§ Assignment: For this exercise, output the line containing "#305=MANIFOLD_SOLID_BREP('B2',#304);" and every line after it through the end of the records, exactly, and no other line.

§ Data for this exercise:
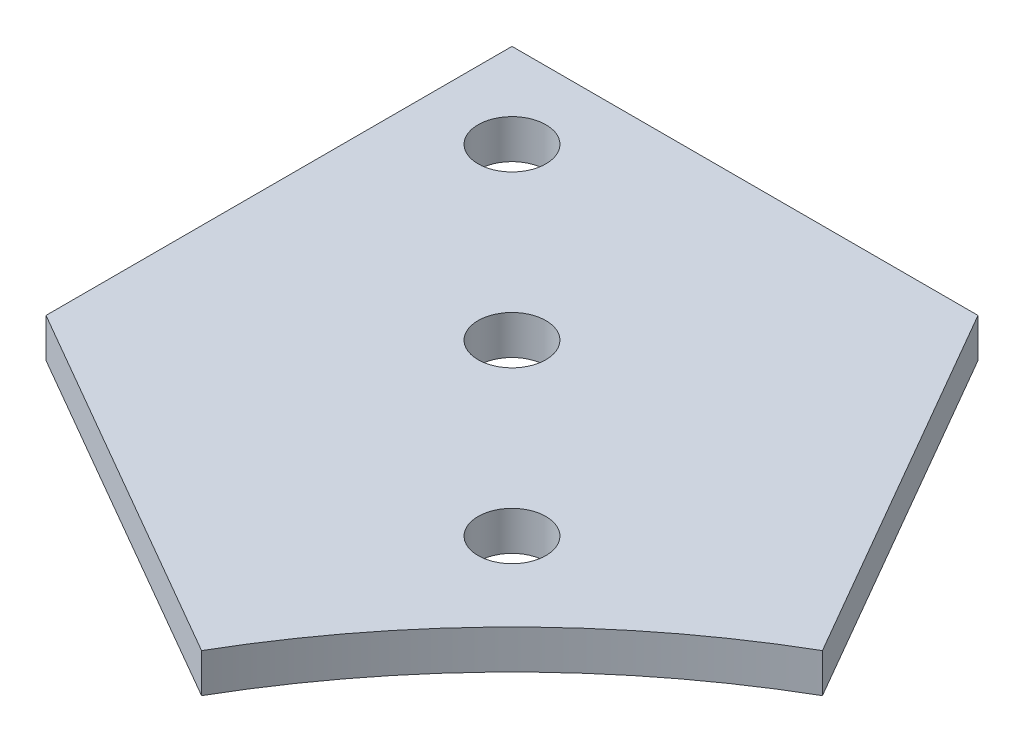
ISO-10303-21;
HEADER;
FILE_DESCRIPTION(('STEP AP214'),'2;1');
FILE_NAME('part.step','',(''),(''),'','','');
FILE_SCHEMA(('AUTOMOTIVE_DESIGN { 1 0 10303 214 1 1 1 1 }'));
ENDSEC;
DATA;
#1=APPLICATION_CONTEXT('core data for automotive mechanical design processes');
#2=APPLICATION_PROTOCOL_DEFINITION('international standard','automotive_design',2000,#1);
#3=PRODUCT_CONTEXT('',#1,'mechanical');
#4=PRODUCT('Part','Part','',(#3));
#5=PRODUCT_RELATED_PRODUCT_CATEGORY('part','',(#4));
#6=PRODUCT_DEFINITION_FORMATION('','',#4);
#7=PRODUCT_DEFINITION_CONTEXT('part definition',#1,'design');
#8=PRODUCT_DEFINITION('design','',#6,#7);
#9=PRODUCT_DEFINITION_SHAPE('','',#8);
#10=(LENGTH_UNIT() NAMED_UNIT(*) SI_UNIT(.MILLI.,.METRE.));
#11=(NAMED_UNIT(*) PLANE_ANGLE_UNIT() SI_UNIT($,.RADIAN.));
#12=(NAMED_UNIT(*) SI_UNIT($,.STERADIAN.) SOLID_ANGLE_UNIT());
#13=UNCERTAINTY_MEASURE_WITH_UNIT(LENGTH_MEASURE(1.E-05),#10,'distance_accuracy_value','');
#14=(GEOMETRIC_REPRESENTATION_CONTEXT(3) GLOBAL_UNCERTAINTY_ASSIGNED_CONTEXT((#13)) GLOBAL_UNIT_ASSIGNED_CONTEXT((#10,
#11,#12)) REPRESENTATION_CONTEXT('',''));
#15=CARTESIAN_POINT('',(0.,0.,0.));
#16=DIRECTION('',(0.,0.,1.));
#17=DIRECTION('',(1.,0.,0.));
#18=AXIS2_PLACEMENT_3D('',#15,#16,#17);
#19=CARTESIAN_POINT('',(-65.,2.3,-37.5277674973262));
#20=DIRECTION('',(1.,0.,0.));
#21=DIRECTION('',(0.,0.,-1.));
#22=AXIS2_PLACEMENT_3D('',#19,#20,#21);
#23=PLANE('',#22);
#24=DIRECTION('',(0.,0.,1.));
#25=VECTOR('',#24,1.);
#26=CARTESIAN_POINT('',(-65.,0.,-37.5277674973262));
#27=LINE('',#26,#25);
#28=CARTESIAN_POINT('',(-65.,0.,-65.));
#29=VERTEX_POINT('',#28);
#30=CARTESIAN_POINT('',(-65.,0.,-37.5277674973262));
#31=VERTEX_POINT('',#30);
#32=EDGE_CURVE('E115',#29,#31,#27,.T.);
#33=ORIENTED_EDGE('',*,*,#32,.T.);
#34=DIRECTION('',(0.,-1.,0.));
#35=VECTOR('',#34,1.);
#36=CARTESIAN_POINT('',(-65.,2.3,-37.5277674973262));
#37=LINE('',#36,#35);
#38=CARTESIAN_POINT('',(-65.,2.3,-37.5277674973262));
#39=VERTEX_POINT('',#38);
#40=EDGE_CURVE('E12',#39,#31,#37,.T.);
#41=ORIENTED_EDGE('',*,*,#40,.F.);
#42=DIRECTION('',(0.,0.,1.));
#43=VECTOR('',#42,1.);
#44=CARTESIAN_POINT('',(-65.,2.3,-37.5277674973262));
#45=LINE('',#44,#43);
#46=CARTESIAN_POINT('',(-65.,2.3,-65.));
#47=VERTEX_POINT('',#46);
#48=EDGE_CURVE('E113',#47,#39,#45,.T.);
#49=ORIENTED_EDGE('',*,*,#48,.F.);
#50=DIRECTION('',(0.,-1.,0.));
#51=VECTOR('',#50,1.);
#52=CARTESIAN_POINT('',(-65.,2.3,-65.));
#53=LINE('',#52,#51);
#54=EDGE_CURVE('E119',#47,#29,#53,.T.);
#55=ORIENTED_EDGE('',*,*,#54,.T.);
#56=EDGE_LOOP('',(#33,#41,#49,#55));
#57=FACE_BOUND('',#56,.T.);
#58=ADVANCED_FACE('F38',(#57),#23,.F.);
#59=CARTESIAN_POINT('',(-43.3012701892218,2.3,-25.0000000000003));
#60=DIRECTION('',(0.500000000000006,0.,-0.866025403784435));
#61=DIRECTION('',(-0.866025403784435,0.,-0.500000000000006));
#62=AXIS2_PLACEMENT_3D('',#59,#60,#61);
#63=PLANE('',#62);
#64=DIRECTION('',(0.866025403784435,0.,0.500000000000006));
#65=VECTOR('',#64,1.);
#66=CARTESIAN_POINT('',(-43.3012701892218,0.,-25.0000000000003));
#67=LINE('',#66,#65);
#68=CARTESIAN_POINT('',(-43.3012701892218,0.,-25.0000000000003));
#69=VERTEX_POINT('',#68);
#70=EDGE_CURVE('E111',#31,#69,#67,.T.);
#71=ORIENTED_EDGE('',*,*,#70,.T.);
#72=DIRECTION('',(0.,-1.,0.));
#73=VECTOR('',#72,1.);
#74=CARTESIAN_POINT('',(-43.3012701892218,2.3,-25.0000000000003));
#75=LINE('',#74,#73);
#76=CARTESIAN_POINT('',(-43.3012701892218,2.3,-25.0000000000003));
#77=VERTEX_POINT('',#76);
#78=EDGE_CURVE('E46',#77,#69,#75,.T.);
#79=ORIENTED_EDGE('',*,*,#78,.F.);
#80=DIRECTION('',(0.866025403784435,0.,0.500000000000006));
#81=VECTOR('',#80,1.);
#82=CARTESIAN_POINT('',(-43.3012701892218,2.3,-25.0000000000003));
#83=LINE('',#82,#81);
#84=EDGE_CURVE('E83',#39,#77,#83,.T.);
#85=ORIENTED_EDGE('',*,*,#84,.F.);
#86=ORIENTED_EDGE('',*,*,#40,.T.);
#87=EDGE_LOOP('',(#71,#79,#85,#86));
#88=FACE_BOUND('',#87,.T.);
#89=ADVANCED_FACE('F161',(#88),#63,.F.);
#90=CARTESIAN_POINT('',(-37.5277674973262,2.3,-65.));
#91=DIRECTION('',(-0.866025403784435,0.,0.500000000000006));
#92=DIRECTION('',(0.500000000000006,0.,0.866025403784435));
#93=AXIS2_PLACEMENT_3D('',#90,#91,#92);
#94=PLANE('',#93);
#95=DIRECTION('',(-0.500000000000006,0.,-0.866025403784435));
#96=VECTOR('',#95,1.);
#97=CARTESIAN_POINT('',(-37.5277674973262,0.,-65.));
#98=LINE('',#97,#96);
#99=CARTESIAN_POINT('',(-25.0000000000003,0.,-43.3012701892218));
#100=VERTEX_POINT('',#99);
#101=CARTESIAN_POINT('',(-37.5277674973262,0.,-65.));
#102=VERTEX_POINT('',#101);
#103=EDGE_CURVE('E72',#100,#102,#98,.T.);
#104=ORIENTED_EDGE('',*,*,#103,.T.);
#105=DIRECTION('',(0.,-1.,0.));
#106=VECTOR('',#105,1.);
#107=CARTESIAN_POINT('',(-37.5277674973262,2.3,-65.));
#108=LINE('',#107,#106);
#109=CARTESIAN_POINT('',(-37.5277674973262,2.3,-65.));
#110=VERTEX_POINT('',#109);
#111=EDGE_CURVE('E106',#110,#102,#108,.T.);
#112=ORIENTED_EDGE('',*,*,#111,.F.);
#113=DIRECTION('',(-0.500000000000006,0.,-0.866025403784435));
#114=VECTOR('',#113,1.);
#115=CARTESIAN_POINT('',(-37.5277674973262,2.3,-65.));
#116=LINE('',#115,#114);
#117=CARTESIAN_POINT('',(-25.0000000000003,2.3,-43.3012701892218));
#118=VERTEX_POINT('',#117);
#119=EDGE_CURVE('E105',#118,#110,#116,.T.);
#120=ORIENTED_EDGE('',*,*,#119,.F.);
#121=DIRECTION('',(0.,-1.,0.));
#122=VECTOR('',#121,1.);
#123=CARTESIAN_POINT('',(-25.0000000000003,2.3,-43.3012701892218));
#124=LINE('',#123,#122);
#125=EDGE_CURVE('E96',#118,#100,#124,.T.);
#126=ORIENTED_EDGE('',*,*,#125,.T.);
#127=EDGE_LOOP('',(#104,#112,#120,#126));
#128=FACE_BOUND('',#127,.T.);
#129=ADVANCED_FACE('F104',(#128),#94,.F.);
#130=CARTESIAN_POINT('',(-65.,2.3,-65.));
#131=DIRECTION('',(0.,0.,1.));
#132=DIRECTION('',(1.,0.,0.));
#133=AXIS2_PLACEMENT_3D('',#130,#131,#132);
#134=PLANE('',#133);
#135=DIRECTION('',(-1.,0.,0.));
#136=VECTOR('',#135,1.);
#137=CARTESIAN_POINT('',(-65.,0.,-65.));
#138=LINE('',#137,#136);
#139=EDGE_CURVE('E77',#102,#29,#138,.T.);
#140=ORIENTED_EDGE('',*,*,#139,.T.);
#141=ORIENTED_EDGE('',*,*,#54,.F.);
#142=DIRECTION('',(-1.,0.,0.));
#143=VECTOR('',#142,1.);
#144=CARTESIAN_POINT('',(-65.,2.3,-65.));
#145=LINE('',#144,#143);
#146=EDGE_CURVE('E54',#110,#47,#145,.T.);
#147=ORIENTED_EDGE('',*,*,#146,.F.);
#148=ORIENTED_EDGE('',*,*,#111,.T.);
#149=EDGE_LOOP('',(#140,#141,#147,#148));
#150=FACE_BOUND('',#149,.T.);
#151=ADVANCED_FACE('F121',(#150),#134,.F.);
#152=CARTESIAN_POINT('',(0.,2.3,0.));
#153=DIRECTION('',(0.,-1.,0.));
#154=DIRECTION('',(0.,0.,-1.));
#155=AXIS2_PLACEMENT_3D('',#152,#153,#154);
#156=PLANE('',#155);
#157=CARTESIAN_POINT('',(-60.,2.3,-60.));
#158=DIRECTION('',(0.,1.,0.));
#159=DIRECTION('',(0.,0.,1.));
#160=AXIS2_PLACEMENT_3D('',#157,#158,#159);
#161=CIRCLE('',#160,2.);
#162=CARTESIAN_POINT('',(-60.,2.3,-58.));
#163=VERTEX_POINT('',#162);
#164=EDGE_CURVE('E143',#163,#163,#161,.T.);
#165=ORIENTED_EDGE('',*,*,#164,.F.);
#166=EDGE_LOOP('',(#165));
#167=FACE_BOUND('',#166,.T.);
#168=CARTESIAN_POINT('',(-40.,2.3,-40.));
#169=DIRECTION('',(0.,1.,0.));
#170=DIRECTION('',(0.,0.,1.));
#171=AXIS2_PLACEMENT_3D('',#168,#169,#170);
#172=CIRCLE('',#171,2.);
#173=CARTESIAN_POINT('',(-40.,2.3,-38.));
#174=VERTEX_POINT('',#173);
#175=EDGE_CURVE('E100',#174,#174,#172,.T.);
#176=ORIENTED_EDGE('',*,*,#175,.F.);
#177=EDGE_LOOP('',(#176));
#178=FACE_BOUND('',#177,.T.);
#179=CARTESIAN_POINT('',(-50.,2.3,-50.));
#180=DIRECTION('',(0.,1.,0.));
#181=DIRECTION('',(0.,0.,1.));
#182=AXIS2_PLACEMENT_3D('',#179,#180,#181);
#183=CIRCLE('',#182,2.);
#184=CARTESIAN_POINT('',(-50.,2.3,-48.));
#185=VERTEX_POINT('',#184);
#186=EDGE_CURVE('E144',#185,#185,#183,.T.);
#187=ORIENTED_EDGE('',*,*,#186,.F.);
#188=EDGE_LOOP('',(#187));
#189=FACE_BOUND('',#188,.T.);
#190=ORIENTED_EDGE('',*,*,#84,.T.);
#191=CARTESIAN_POINT('',(0.,2.3,0.));
#192=DIRECTION('',(0.,1.,0.));
#193=DIRECTION('',(0.,0.,1.));
#194=AXIS2_PLACEMENT_3D('',#191,#192,#193);
#195=CIRCLE('',#194,50.);
#196=EDGE_CURVE('E101',#118,#77,#195,.T.);
#197=ORIENTED_EDGE('',*,*,#196,.F.);
#198=ORIENTED_EDGE('',*,*,#119,.T.);
#199=ORIENTED_EDGE('',*,*,#146,.T.);
#200=ORIENTED_EDGE('',*,*,#48,.T.);
#201=EDGE_LOOP('',(#190,#197,#198,#199,#200));
#202=FACE_BOUND('',#201,.T.);
#203=ADVANCED_FACE('F159',(#167,#178,#189,#202),#156,.F.);
#204=CARTESIAN_POINT('',(0.,0.,0.));
#205=DIRECTION('',(0.,-1.,0.));
#206=DIRECTION('',(0.,0.,-1.));
#207=AXIS2_PLACEMENT_3D('',#204,#205,#206);
#208=PLANE('',#207);
#209=CARTESIAN_POINT('',(-60.,0.,-60.));
#210=DIRECTION('',(0.,1.,0.));
#211=DIRECTION('',(0.,0.,1.));
#212=AXIS2_PLACEMENT_3D('',#209,#210,#211);
#213=CIRCLE('',#212,2.);
#214=CARTESIAN_POINT('',(-60.,0.,-58.));
#215=VERTEX_POINT('',#214);
#216=EDGE_CURVE('E164',#215,#215,#213,.T.);
#217=ORIENTED_EDGE('',*,*,#216,.T.);
#218=EDGE_LOOP('',(#217));
#219=FACE_BOUND('',#218,.T.);
#220=CARTESIAN_POINT('',(0.,0.,0.));
#221=DIRECTION('',(0.,1.,0.));
#222=DIRECTION('',(0.,0.,1.));
#223=AXIS2_PLACEMENT_3D('',#220,#221,#222);
#224=CIRCLE('',#223,50.);
#225=EDGE_CURVE('E94',#100,#69,#224,.T.);
#226=ORIENTED_EDGE('',*,*,#225,.T.);
#227=ORIENTED_EDGE('',*,*,#70,.F.);
#228=ORIENTED_EDGE('',*,*,#32,.F.);
#229=ORIENTED_EDGE('',*,*,#139,.F.);
#230=ORIENTED_EDGE('',*,*,#103,.F.);
#231=EDGE_LOOP('',(#226,#227,#228,#229,#230));
#232=FACE_BOUND('',#231,.T.);
#233=CARTESIAN_POINT('',(-40.,0.,-40.));
#234=DIRECTION('',(0.,1.,0.));
#235=DIRECTION('',(0.,0.,1.));
#236=AXIS2_PLACEMENT_3D('',#233,#234,#235);
#237=CIRCLE('',#236,2.);
#238=CARTESIAN_POINT('',(-40.,0.,-38.));
#239=VERTEX_POINT('',#238);
#240=EDGE_CURVE('E149',#239,#239,#237,.T.);
#241=ORIENTED_EDGE('',*,*,#240,.T.);
#242=EDGE_LOOP('',(#241));
#243=FACE_BOUND('',#242,.T.);
#244=CARTESIAN_POINT('',(-50.,0.,-50.));
#245=DIRECTION('',(0.,1.,0.));
#246=DIRECTION('',(0.,0.,1.));
#247=AXIS2_PLACEMENT_3D('',#244,#245,#246);
#248=CIRCLE('',#247,2.);
#249=CARTESIAN_POINT('',(-50.,0.,-48.));
#250=VERTEX_POINT('',#249);
#251=EDGE_CURVE('E140',#250,#250,#248,.T.);
#252=ORIENTED_EDGE('',*,*,#251,.T.);
#253=EDGE_LOOP('',(#252));
#254=FACE_BOUND('',#253,.T.);
#255=ADVANCED_FACE('F108',(#219,#232,#243,#254),#208,.T.);
#256=CARTESIAN_POINT('',(-50.,0.,-50.));
#257=DIRECTION('',(0.,1.,0.));
#258=DIRECTION('',(0.,0.,1.));
#259=AXIS2_PLACEMENT_3D('',#256,#257,#258);
#260=CYLINDRICAL_SURFACE('',#259,2.);
#261=ORIENTED_EDGE('',*,*,#251,.F.);
#262=EDGE_LOOP('',(#261));
#263=FACE_BOUND('',#262,.T.);
#264=ORIENTED_EDGE('',*,*,#186,.T.);
#265=EDGE_LOOP('',(#264));
#266=FACE_BOUND('',#265,.T.);
#267=ADVANCED_FACE('F183',(#263,#266),#260,.F.);
#268=CARTESIAN_POINT('',(-40.,0.,-40.));
#269=DIRECTION('',(0.,1.,0.));
#270=DIRECTION('',(0.,0.,1.));
#271=AXIS2_PLACEMENT_3D('',#268,#269,#270);
#272=CYLINDRICAL_SURFACE('',#271,2.);
#273=ORIENTED_EDGE('',*,*,#240,.F.);
#274=EDGE_LOOP('',(#273));
#275=FACE_BOUND('',#274,.T.);
#276=ORIENTED_EDGE('',*,*,#175,.T.);
#277=EDGE_LOOP('',(#276));
#278=FACE_BOUND('',#277,.T.);
#279=ADVANCED_FACE('F185',(#275,#278),#272,.F.);
#280=CARTESIAN_POINT('',(0.,0.,0.));
#281=DIRECTION('',(0.,1.,0.));
#282=DIRECTION('',(0.,0.,1.));
#283=AXIS2_PLACEMENT_3D('',#280,#281,#282);
#284=CYLINDRICAL_SURFACE('',#283,50.);
#285=ORIENTED_EDGE('',*,*,#225,.F.);
#286=ORIENTED_EDGE('',*,*,#125,.F.);
#287=ORIENTED_EDGE('',*,*,#196,.T.);
#288=ORIENTED_EDGE('',*,*,#78,.T.);
#289=EDGE_LOOP('',(#285,#286,#287,#288));
#290=FACE_BOUND('',#289,.T.);
#291=ADVANCED_FACE('F95',(#290),#284,.F.);
#292=CARTESIAN_POINT('',(-60.,0.,-60.));
#293=DIRECTION('',(0.,1.,0.));
#294=DIRECTION('',(0.,0.,1.));
#295=AXIS2_PLACEMENT_3D('',#292,#293,#294);
#296=CYLINDRICAL_SURFACE('',#295,2.);
#297=ORIENTED_EDGE('',*,*,#216,.F.);
#298=EDGE_LOOP('',(#297));
#299=FACE_BOUND('',#298,.T.);
#300=ORIENTED_EDGE('',*,*,#164,.T.);
#301=EDGE_LOOP('',(#300));
#302=FACE_BOUND('',#301,.T.);
#303=ADVANCED_FACE('F174',(#299,#302),#296,.F.);
#304=CLOSED_SHELL('',(#58,#89,#129,#151,#203,#255,#267,#279,#291,#303));
#305=MANIFOLD_SOLID_BREP('B2',#304);
#306=ADVANCED_BREP_SHAPE_REPRESENTATION('',(#18,#305),#14);
#307=SHAPE_DEFINITION_REPRESENTATION(#9,#306);
ENDSEC;
END-ISO-10303-21;

§ Answer to this exercise:
#305=MANIFOLD_SOLID_BREP('B2',#304);
#306=ADVANCED_BREP_SHAPE_REPRESENTATION('',(#18,#305),#14);
#307=SHAPE_DEFINITION_REPRESENTATION(#9,#306);
ENDSEC;
END-ISO-10303-21;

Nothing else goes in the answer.